#### Records for processing

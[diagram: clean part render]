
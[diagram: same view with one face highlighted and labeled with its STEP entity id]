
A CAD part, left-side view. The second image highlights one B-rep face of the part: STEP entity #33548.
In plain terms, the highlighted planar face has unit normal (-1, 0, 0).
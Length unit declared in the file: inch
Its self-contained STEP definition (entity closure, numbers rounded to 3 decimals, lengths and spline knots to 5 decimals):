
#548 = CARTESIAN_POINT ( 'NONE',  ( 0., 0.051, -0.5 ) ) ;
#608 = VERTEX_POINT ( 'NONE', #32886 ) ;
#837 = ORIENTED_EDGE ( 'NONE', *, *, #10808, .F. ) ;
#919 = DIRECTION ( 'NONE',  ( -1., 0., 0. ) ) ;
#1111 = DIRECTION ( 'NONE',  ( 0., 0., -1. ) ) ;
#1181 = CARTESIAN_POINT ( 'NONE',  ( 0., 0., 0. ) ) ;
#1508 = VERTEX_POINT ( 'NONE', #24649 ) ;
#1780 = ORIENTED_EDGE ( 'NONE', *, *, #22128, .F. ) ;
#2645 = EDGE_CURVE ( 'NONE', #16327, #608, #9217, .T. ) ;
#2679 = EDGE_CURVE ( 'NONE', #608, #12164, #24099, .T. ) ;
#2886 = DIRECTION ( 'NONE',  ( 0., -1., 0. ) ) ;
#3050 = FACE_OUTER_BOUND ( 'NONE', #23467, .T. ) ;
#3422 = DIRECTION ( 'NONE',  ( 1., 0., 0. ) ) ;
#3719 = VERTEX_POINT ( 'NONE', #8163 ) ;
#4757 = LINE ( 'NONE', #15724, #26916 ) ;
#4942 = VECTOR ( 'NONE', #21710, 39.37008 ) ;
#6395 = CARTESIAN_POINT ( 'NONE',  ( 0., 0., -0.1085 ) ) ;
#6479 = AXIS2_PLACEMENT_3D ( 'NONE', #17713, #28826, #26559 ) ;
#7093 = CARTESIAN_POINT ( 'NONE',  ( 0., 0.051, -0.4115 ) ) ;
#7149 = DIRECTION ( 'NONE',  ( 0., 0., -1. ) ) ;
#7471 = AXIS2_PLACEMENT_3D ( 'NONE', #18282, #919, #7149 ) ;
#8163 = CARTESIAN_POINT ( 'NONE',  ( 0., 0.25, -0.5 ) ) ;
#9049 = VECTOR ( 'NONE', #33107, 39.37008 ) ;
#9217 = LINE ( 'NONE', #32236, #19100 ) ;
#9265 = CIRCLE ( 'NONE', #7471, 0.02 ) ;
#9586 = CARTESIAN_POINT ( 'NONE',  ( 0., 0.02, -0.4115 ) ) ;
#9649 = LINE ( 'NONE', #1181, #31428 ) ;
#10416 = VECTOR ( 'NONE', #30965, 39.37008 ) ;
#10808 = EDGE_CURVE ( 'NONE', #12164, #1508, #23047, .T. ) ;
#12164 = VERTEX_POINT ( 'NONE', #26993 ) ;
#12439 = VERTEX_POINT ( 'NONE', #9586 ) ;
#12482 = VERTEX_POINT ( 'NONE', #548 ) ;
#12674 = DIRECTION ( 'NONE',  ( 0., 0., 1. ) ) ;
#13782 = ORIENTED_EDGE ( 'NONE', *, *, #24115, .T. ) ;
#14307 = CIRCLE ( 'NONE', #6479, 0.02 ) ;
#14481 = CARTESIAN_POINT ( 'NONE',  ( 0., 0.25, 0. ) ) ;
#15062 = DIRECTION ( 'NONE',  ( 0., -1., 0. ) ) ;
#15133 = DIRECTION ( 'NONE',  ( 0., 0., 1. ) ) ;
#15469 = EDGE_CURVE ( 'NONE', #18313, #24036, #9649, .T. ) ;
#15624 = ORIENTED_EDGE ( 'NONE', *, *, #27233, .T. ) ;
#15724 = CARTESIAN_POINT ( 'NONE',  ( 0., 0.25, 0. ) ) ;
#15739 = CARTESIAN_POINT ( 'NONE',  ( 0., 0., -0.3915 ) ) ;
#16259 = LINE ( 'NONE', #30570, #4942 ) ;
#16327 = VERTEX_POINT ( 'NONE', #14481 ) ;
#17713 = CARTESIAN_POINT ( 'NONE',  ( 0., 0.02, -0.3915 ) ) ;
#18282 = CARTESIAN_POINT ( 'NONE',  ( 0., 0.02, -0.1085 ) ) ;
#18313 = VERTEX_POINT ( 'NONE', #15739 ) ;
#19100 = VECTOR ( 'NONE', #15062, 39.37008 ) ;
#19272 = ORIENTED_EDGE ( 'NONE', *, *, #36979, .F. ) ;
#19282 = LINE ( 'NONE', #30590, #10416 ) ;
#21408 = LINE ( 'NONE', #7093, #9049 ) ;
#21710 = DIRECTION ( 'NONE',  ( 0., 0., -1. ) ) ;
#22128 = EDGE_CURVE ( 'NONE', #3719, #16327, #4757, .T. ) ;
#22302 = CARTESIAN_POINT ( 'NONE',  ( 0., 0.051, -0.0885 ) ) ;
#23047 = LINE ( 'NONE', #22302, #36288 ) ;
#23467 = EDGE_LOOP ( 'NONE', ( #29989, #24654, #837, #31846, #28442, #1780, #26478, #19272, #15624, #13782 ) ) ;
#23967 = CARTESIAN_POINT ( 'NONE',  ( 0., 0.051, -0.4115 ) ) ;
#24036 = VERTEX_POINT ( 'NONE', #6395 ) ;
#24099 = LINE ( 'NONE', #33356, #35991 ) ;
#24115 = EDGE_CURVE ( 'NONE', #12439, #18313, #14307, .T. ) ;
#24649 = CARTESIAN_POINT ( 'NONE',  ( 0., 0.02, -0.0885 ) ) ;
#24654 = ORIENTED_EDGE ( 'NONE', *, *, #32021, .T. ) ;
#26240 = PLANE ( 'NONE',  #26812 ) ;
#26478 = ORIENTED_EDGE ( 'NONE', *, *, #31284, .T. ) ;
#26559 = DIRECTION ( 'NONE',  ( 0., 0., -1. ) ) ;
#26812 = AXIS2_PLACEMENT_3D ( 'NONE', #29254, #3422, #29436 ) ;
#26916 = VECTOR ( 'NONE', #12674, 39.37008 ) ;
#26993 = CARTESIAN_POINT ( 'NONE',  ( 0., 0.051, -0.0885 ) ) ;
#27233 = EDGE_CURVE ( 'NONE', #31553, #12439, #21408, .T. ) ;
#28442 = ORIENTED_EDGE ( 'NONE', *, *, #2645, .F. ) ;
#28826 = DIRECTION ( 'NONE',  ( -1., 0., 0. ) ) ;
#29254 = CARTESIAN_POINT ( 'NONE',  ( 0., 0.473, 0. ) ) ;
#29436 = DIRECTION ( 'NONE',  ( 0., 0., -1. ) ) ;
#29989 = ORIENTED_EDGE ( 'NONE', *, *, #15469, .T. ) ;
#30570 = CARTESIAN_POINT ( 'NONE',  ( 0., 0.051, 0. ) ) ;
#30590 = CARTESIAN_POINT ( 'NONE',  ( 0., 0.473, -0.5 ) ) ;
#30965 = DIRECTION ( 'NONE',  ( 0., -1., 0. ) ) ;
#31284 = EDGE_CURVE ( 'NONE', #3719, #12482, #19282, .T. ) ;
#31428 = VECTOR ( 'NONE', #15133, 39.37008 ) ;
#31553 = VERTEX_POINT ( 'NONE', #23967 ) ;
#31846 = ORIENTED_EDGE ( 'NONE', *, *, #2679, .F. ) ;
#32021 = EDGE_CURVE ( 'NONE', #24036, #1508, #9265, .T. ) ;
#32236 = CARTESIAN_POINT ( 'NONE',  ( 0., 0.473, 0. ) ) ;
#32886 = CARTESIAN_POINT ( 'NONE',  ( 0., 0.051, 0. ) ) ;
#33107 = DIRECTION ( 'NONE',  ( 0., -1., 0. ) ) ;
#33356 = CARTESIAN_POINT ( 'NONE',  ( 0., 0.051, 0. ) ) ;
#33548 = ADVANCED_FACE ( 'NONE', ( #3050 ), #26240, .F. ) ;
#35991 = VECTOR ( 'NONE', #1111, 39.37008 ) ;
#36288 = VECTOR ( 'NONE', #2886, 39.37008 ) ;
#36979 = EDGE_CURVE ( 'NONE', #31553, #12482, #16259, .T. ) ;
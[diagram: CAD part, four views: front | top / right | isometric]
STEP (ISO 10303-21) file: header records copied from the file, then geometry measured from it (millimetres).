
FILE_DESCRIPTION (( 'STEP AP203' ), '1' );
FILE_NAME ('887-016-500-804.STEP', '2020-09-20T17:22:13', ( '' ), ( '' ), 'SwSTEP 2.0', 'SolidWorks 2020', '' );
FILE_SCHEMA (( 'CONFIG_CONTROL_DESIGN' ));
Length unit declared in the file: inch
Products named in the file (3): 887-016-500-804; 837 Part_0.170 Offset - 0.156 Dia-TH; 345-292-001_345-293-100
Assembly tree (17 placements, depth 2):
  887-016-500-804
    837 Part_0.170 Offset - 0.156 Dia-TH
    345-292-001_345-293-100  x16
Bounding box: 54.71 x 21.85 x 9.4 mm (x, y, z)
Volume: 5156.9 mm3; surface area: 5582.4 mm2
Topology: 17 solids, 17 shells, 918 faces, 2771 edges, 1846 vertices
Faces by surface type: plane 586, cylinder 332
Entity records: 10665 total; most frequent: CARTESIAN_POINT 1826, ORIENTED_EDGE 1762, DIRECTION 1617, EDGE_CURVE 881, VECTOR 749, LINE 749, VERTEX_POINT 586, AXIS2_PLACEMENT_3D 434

########

> _Task requirements_
Extract every line of the records above that contains the word "Offset".

> _Solution below_
Products named in the file (3): 887-016-500-804; 837 Part_0.170 Offset - 0.156 Dia-TH; 345-292-001_345-293-100
    837 Part_0.170 Offset - 0.156 Dia-TH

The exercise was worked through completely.